[Stored items from a collection]
──────

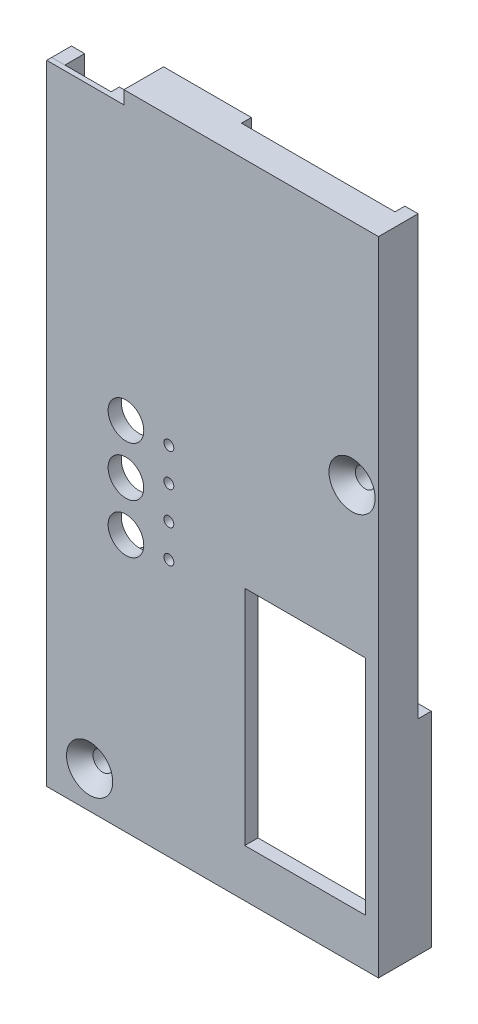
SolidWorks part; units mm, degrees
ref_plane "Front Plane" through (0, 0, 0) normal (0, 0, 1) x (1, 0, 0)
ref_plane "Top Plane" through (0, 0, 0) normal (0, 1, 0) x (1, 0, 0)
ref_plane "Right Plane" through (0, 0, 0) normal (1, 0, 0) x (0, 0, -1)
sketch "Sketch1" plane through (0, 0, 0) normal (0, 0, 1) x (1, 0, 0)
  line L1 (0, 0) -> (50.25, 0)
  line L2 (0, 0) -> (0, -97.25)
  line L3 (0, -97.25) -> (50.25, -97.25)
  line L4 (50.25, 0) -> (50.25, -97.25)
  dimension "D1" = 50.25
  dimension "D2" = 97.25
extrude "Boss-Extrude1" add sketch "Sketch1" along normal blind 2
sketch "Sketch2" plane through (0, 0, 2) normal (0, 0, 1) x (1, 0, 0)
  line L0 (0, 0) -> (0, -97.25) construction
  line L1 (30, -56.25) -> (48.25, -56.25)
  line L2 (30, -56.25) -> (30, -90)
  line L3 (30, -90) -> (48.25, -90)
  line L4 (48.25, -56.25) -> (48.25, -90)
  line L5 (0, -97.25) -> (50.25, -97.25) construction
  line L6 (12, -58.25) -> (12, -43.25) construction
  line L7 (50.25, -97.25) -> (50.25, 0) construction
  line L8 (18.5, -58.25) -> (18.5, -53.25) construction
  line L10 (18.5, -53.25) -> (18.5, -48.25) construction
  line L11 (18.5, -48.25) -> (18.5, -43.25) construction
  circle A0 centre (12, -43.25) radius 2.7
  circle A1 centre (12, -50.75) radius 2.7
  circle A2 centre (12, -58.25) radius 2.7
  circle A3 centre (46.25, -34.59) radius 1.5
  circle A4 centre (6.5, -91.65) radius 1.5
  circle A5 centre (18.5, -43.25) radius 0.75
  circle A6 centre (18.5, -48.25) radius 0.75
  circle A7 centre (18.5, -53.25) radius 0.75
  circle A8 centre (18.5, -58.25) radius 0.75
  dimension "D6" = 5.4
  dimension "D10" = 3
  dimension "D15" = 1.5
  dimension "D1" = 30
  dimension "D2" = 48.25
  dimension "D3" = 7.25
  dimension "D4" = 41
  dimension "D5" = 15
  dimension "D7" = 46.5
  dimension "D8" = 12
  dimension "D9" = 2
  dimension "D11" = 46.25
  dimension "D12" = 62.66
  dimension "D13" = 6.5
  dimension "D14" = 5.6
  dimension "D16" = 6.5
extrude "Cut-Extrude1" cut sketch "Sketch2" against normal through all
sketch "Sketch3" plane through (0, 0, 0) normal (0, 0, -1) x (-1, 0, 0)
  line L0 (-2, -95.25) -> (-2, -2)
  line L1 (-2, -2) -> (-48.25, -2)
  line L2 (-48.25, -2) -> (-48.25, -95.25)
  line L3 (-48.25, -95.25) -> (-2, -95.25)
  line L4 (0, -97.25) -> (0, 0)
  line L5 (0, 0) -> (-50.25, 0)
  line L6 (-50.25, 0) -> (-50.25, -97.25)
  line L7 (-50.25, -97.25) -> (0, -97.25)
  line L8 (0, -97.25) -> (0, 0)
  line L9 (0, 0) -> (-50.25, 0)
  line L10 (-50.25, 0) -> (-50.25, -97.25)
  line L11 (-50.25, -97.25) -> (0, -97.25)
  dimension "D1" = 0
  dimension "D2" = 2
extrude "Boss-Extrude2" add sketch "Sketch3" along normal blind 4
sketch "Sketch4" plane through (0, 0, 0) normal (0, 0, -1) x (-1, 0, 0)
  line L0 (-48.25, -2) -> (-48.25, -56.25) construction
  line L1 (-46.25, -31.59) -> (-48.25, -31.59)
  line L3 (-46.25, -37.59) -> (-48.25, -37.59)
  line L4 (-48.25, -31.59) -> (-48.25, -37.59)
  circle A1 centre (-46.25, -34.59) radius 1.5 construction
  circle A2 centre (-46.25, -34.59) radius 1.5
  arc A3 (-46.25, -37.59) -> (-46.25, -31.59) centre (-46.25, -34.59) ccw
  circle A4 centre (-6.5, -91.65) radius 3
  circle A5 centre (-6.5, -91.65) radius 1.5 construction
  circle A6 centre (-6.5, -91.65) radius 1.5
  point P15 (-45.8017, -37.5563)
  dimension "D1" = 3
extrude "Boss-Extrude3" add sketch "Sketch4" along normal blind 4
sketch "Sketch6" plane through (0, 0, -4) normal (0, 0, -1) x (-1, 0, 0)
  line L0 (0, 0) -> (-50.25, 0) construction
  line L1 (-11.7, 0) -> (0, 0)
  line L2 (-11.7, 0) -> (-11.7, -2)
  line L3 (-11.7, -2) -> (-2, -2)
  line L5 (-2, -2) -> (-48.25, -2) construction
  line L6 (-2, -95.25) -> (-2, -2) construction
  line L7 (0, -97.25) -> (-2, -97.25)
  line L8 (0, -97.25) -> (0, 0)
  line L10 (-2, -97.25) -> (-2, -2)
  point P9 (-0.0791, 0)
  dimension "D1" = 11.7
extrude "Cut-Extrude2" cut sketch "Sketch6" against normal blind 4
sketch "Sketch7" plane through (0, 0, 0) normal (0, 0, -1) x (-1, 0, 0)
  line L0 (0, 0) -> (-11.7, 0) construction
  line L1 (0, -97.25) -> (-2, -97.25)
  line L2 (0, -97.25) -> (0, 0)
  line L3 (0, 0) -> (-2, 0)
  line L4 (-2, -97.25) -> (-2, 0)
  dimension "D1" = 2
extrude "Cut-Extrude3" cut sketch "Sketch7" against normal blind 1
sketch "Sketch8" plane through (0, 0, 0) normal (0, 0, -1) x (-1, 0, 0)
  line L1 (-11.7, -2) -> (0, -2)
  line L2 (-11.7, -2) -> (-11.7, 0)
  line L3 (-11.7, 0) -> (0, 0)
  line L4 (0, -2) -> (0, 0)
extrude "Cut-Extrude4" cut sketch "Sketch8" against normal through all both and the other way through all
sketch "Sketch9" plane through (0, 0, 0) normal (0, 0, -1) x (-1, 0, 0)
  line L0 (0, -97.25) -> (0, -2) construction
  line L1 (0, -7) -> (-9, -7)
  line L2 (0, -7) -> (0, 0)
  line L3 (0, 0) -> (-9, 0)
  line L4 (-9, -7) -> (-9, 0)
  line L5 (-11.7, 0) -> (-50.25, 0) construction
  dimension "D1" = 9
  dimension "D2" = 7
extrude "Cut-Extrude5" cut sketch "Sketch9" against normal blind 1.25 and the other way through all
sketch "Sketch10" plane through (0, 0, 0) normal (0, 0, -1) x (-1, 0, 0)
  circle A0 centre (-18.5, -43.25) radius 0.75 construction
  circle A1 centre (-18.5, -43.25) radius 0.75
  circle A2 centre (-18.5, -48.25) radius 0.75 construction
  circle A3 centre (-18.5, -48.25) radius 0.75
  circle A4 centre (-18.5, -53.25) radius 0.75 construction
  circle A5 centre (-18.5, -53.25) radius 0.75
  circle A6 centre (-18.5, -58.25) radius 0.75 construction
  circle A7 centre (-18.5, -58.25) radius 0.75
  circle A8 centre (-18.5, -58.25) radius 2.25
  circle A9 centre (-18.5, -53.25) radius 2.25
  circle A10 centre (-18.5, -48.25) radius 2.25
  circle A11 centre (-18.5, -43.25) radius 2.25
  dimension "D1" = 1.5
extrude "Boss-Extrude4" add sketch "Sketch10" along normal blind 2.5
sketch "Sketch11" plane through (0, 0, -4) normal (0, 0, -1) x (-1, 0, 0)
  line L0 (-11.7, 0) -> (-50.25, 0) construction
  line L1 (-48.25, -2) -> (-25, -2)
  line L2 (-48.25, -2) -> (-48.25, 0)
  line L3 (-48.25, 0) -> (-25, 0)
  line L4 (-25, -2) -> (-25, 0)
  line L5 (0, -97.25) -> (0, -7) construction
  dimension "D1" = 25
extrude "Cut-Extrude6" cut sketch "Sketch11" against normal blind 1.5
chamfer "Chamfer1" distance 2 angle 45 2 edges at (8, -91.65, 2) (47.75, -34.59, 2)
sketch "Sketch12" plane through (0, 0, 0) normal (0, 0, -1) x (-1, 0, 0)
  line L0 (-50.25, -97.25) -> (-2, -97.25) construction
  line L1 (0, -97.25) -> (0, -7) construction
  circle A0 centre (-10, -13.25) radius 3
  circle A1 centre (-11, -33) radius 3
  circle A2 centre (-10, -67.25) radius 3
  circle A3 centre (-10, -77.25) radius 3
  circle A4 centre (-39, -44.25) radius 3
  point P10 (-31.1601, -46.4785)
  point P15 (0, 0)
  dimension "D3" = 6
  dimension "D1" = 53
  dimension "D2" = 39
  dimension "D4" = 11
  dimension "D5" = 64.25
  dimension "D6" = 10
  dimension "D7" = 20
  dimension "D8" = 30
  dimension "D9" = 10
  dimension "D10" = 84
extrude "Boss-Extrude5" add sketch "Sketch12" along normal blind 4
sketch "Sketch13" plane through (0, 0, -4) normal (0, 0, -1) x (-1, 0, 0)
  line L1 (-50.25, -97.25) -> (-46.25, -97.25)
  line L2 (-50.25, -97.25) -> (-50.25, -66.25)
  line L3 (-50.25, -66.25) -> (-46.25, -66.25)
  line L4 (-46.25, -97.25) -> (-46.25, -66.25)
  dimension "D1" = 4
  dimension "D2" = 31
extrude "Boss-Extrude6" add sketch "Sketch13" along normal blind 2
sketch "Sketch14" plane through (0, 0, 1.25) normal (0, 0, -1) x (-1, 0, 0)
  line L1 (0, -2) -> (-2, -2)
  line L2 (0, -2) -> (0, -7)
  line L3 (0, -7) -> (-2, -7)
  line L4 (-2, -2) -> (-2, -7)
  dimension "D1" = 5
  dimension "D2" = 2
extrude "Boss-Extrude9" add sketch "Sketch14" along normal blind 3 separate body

──────

# Exercise prompt:
Return every line of the data above in which "other" appears.

# Task answer:
extrude "Cut-Extrude4" cut sketch "Sketch8" against normal through all both and the other way through all
extrude "Cut-Extrude5" cut sketch "Sketch9" against normal blind 1.25 and the other way through all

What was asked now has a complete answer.